◆ Required action: Although pictures appear in the entries below, leave them out and print exactly the lines from the first line through the line containing "#22927 = CARTESIAN_POINT".

Collection entries
^^^^
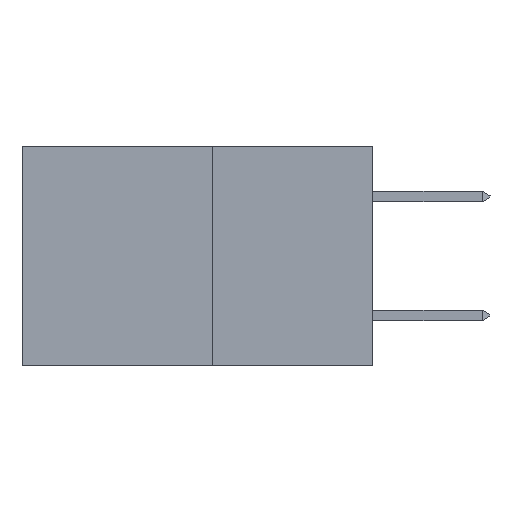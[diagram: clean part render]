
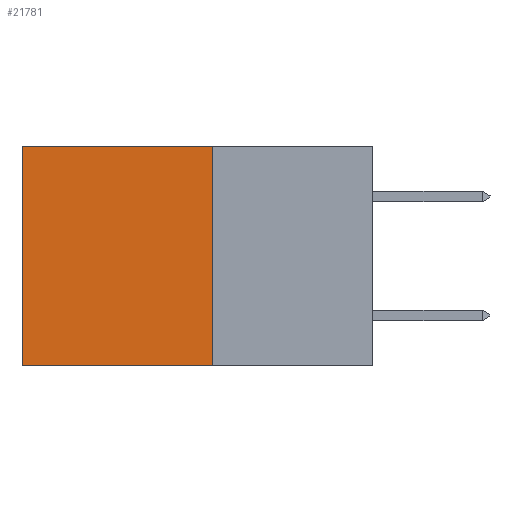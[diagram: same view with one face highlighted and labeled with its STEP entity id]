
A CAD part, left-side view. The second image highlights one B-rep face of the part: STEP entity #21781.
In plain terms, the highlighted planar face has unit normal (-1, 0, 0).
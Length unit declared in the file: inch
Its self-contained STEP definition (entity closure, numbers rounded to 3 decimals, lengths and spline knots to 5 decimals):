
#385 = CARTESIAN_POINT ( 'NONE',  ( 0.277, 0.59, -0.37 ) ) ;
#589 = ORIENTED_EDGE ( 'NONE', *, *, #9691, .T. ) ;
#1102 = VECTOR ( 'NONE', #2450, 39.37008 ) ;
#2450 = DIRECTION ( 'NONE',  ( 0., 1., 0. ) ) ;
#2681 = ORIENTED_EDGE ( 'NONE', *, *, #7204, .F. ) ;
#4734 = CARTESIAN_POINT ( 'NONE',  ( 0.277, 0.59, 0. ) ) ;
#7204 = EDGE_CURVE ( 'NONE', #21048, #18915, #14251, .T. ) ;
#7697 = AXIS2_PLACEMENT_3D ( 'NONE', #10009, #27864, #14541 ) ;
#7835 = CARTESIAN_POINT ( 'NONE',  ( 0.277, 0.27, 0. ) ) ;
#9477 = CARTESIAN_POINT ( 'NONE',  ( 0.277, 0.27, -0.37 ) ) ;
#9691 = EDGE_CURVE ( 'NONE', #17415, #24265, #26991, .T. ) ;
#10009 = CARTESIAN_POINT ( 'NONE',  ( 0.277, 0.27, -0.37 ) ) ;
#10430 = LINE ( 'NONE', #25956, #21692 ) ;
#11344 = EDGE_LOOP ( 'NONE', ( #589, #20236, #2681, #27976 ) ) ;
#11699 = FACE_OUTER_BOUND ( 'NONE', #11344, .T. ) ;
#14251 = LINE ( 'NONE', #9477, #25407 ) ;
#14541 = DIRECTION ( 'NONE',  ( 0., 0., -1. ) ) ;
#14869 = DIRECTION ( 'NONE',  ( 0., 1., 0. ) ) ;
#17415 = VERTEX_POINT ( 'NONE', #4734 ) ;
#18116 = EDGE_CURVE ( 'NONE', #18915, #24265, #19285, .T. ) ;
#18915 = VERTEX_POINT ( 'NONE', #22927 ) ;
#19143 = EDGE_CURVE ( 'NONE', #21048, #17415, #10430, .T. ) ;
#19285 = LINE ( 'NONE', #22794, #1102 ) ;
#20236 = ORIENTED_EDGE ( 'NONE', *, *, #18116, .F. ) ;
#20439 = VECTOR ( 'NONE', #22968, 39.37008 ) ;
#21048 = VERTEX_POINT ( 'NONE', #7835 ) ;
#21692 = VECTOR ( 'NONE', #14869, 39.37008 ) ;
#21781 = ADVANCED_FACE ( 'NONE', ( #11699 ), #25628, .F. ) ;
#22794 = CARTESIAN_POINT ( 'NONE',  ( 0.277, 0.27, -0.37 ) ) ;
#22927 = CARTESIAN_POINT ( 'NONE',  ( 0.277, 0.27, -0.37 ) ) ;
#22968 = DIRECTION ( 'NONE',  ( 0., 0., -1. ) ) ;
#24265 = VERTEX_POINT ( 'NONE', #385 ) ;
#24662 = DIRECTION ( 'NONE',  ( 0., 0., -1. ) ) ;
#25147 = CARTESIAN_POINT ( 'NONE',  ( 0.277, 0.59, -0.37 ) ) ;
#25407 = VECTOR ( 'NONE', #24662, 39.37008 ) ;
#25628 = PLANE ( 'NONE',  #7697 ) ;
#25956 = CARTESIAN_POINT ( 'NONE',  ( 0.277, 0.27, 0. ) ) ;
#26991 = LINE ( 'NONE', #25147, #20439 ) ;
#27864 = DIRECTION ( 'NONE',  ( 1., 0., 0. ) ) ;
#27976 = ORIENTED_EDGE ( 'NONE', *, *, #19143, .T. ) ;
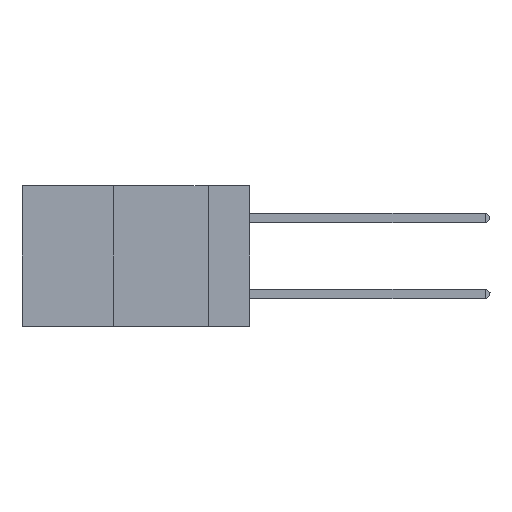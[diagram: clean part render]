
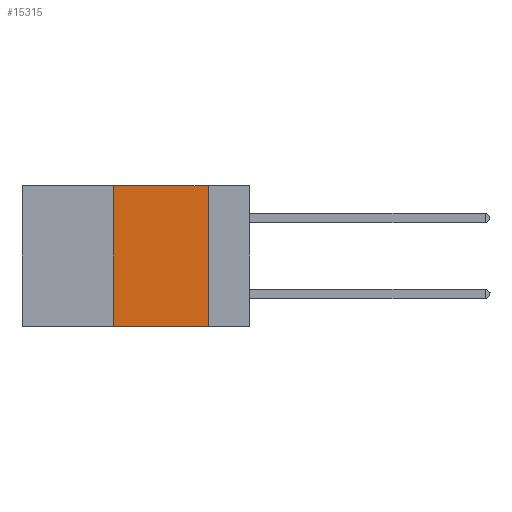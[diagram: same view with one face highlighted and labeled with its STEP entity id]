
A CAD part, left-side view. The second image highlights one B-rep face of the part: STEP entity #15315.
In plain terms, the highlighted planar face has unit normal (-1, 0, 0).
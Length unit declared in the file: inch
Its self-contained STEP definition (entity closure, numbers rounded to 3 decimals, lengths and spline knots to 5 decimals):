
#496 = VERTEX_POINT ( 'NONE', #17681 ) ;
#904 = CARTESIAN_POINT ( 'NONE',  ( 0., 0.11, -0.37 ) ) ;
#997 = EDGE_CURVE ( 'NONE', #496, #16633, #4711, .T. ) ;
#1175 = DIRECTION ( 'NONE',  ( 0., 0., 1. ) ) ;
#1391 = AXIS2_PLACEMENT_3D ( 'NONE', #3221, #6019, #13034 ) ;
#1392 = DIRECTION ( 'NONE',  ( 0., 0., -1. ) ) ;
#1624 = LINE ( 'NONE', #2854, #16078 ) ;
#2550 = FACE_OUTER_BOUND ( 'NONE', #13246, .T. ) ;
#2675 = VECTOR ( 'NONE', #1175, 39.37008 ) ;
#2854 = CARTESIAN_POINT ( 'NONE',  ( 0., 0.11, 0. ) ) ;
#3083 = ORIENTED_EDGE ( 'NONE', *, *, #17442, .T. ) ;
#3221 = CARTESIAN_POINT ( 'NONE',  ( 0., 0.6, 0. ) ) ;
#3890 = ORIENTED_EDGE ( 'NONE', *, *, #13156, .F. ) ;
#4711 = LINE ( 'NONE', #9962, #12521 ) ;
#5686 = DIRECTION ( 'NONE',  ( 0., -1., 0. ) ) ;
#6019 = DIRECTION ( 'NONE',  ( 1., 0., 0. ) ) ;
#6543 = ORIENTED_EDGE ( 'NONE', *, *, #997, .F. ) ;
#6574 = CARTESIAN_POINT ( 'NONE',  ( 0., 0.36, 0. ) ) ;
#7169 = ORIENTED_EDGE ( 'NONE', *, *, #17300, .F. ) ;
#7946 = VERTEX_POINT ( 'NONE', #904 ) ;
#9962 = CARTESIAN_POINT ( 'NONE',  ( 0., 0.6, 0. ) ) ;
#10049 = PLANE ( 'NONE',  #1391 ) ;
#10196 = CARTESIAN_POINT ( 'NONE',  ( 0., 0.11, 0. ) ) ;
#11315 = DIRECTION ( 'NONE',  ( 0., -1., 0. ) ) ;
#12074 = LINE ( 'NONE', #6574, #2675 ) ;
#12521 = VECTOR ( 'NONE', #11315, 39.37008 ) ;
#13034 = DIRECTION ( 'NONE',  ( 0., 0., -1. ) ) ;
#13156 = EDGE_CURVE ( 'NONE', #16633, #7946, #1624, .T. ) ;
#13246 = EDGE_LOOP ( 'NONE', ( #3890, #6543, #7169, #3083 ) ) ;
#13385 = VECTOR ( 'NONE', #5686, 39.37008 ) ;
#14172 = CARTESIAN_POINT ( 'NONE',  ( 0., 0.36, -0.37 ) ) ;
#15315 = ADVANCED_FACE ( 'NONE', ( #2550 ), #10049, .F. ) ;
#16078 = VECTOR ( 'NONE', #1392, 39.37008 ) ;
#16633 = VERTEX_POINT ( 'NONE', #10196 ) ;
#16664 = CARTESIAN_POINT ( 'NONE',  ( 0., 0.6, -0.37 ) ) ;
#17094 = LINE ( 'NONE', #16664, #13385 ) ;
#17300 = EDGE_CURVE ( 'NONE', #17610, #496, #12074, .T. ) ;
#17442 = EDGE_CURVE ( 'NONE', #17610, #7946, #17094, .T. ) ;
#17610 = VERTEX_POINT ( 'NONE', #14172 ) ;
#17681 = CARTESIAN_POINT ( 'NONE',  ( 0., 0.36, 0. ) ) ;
^^^^
◆ Solved exercise:
[diagram: clean part render]
[diagram: same view with one face highlighted and labeled with its STEP entity id]
A CAD part, left-side view. The second image highlights one B-rep face of the part: STEP entity #21781.
In plain terms, the highlighted planar face has unit normal (-1, 0, 0).
Length unit declared in the file: inch
Its self-contained STEP definition (entity closure, numbers rounded to 3 decimals, lengths and spline knots to 5 decimals):
#385 = CARTESIAN_POINT ( 'NONE',  ( 0.277, 0.59, -0.37 ) ) ;
#589 = ORIENTED_EDGE ( 'NONE', *, *, #9691, .T. ) ;
#1102 = VECTOR ( 'NONE', #2450, 39.37008 ) ;
#2450 = DIRECTION ( 'NONE',  ( 0., 1., 0. ) ) ;
#2681 = ORIENTED_EDGE ( 'NONE', *, *, #7204, .F. ) ;
#4734 = CARTESIAN_POINT ( 'NONE',  ( 0.277, 0.59, 0. ) ) ;
#7204 = EDGE_CURVE ( 'NONE', #21048, #18915, #14251, .T. ) ;
#7697 = AXIS2_PLACEMENT_3D ( 'NONE', #10009, #27864, #14541 ) ;
#7835 = CARTESIAN_POINT ( 'NONE',  ( 0.277, 0.27, 0. ) ) ;
#9477 = CARTESIAN_POINT ( 'NONE',  ( 0.277, 0.27, -0.37 ) ) ;
#9691 = EDGE_CURVE ( 'NONE', #17415, #24265, #26991, .T. ) ;
#10009 = CARTESIAN_POINT ( 'NONE',  ( 0.277, 0.27, -0.37 ) ) ;
#10430 = LINE ( 'NONE', #25956, #21692 ) ;
#11344 = EDGE_LOOP ( 'NONE', ( #589, #20236, #2681, #27976 ) ) ;
#11699 = FACE_OUTER_BOUND ( 'NONE', #11344, .T. ) ;
#14251 = LINE ( 'NONE', #9477, #25407 ) ;
#14541 = DIRECTION ( 'NONE',  ( 0., 0., -1. ) ) ;
#14869 = DIRECTION ( 'NONE',  ( 0., 1., 0. ) ) ;
#17415 = VERTEX_POINT ( 'NONE', #4734 ) ;
#18116 = EDGE_CURVE ( 'NONE', #18915, #24265, #19285, .T. ) ;
#18915 = VERTEX_POINT ( 'NONE', #22927 ) ;
#19143 = EDGE_CURVE ( 'NONE', #21048, #17415, #10430, .T. ) ;
#19285 = LINE ( 'NONE', #22794, #1102 ) ;
#20236 = ORIENTED_EDGE ( 'NONE', *, *, #18116, .F. ) ;
#20439 = VECTOR ( 'NONE', #22968, 39.37008 ) ;
#21048 = VERTEX_POINT ( 'NONE', #7835 ) ;
#21692 = VECTOR ( 'NONE', #14869, 39.37008 ) ;
#21781 = ADVANCED_FACE ( 'NONE', ( #11699 ), #25628, .F. ) ;
#22794 = CARTESIAN_POINT ( 'NONE',  ( 0.277, 0.27, -0.37 ) ) ;
#22927 = CARTESIAN_POINT ( 'NONE',  ( 0.277, 0.27, -0.37 ) ) ;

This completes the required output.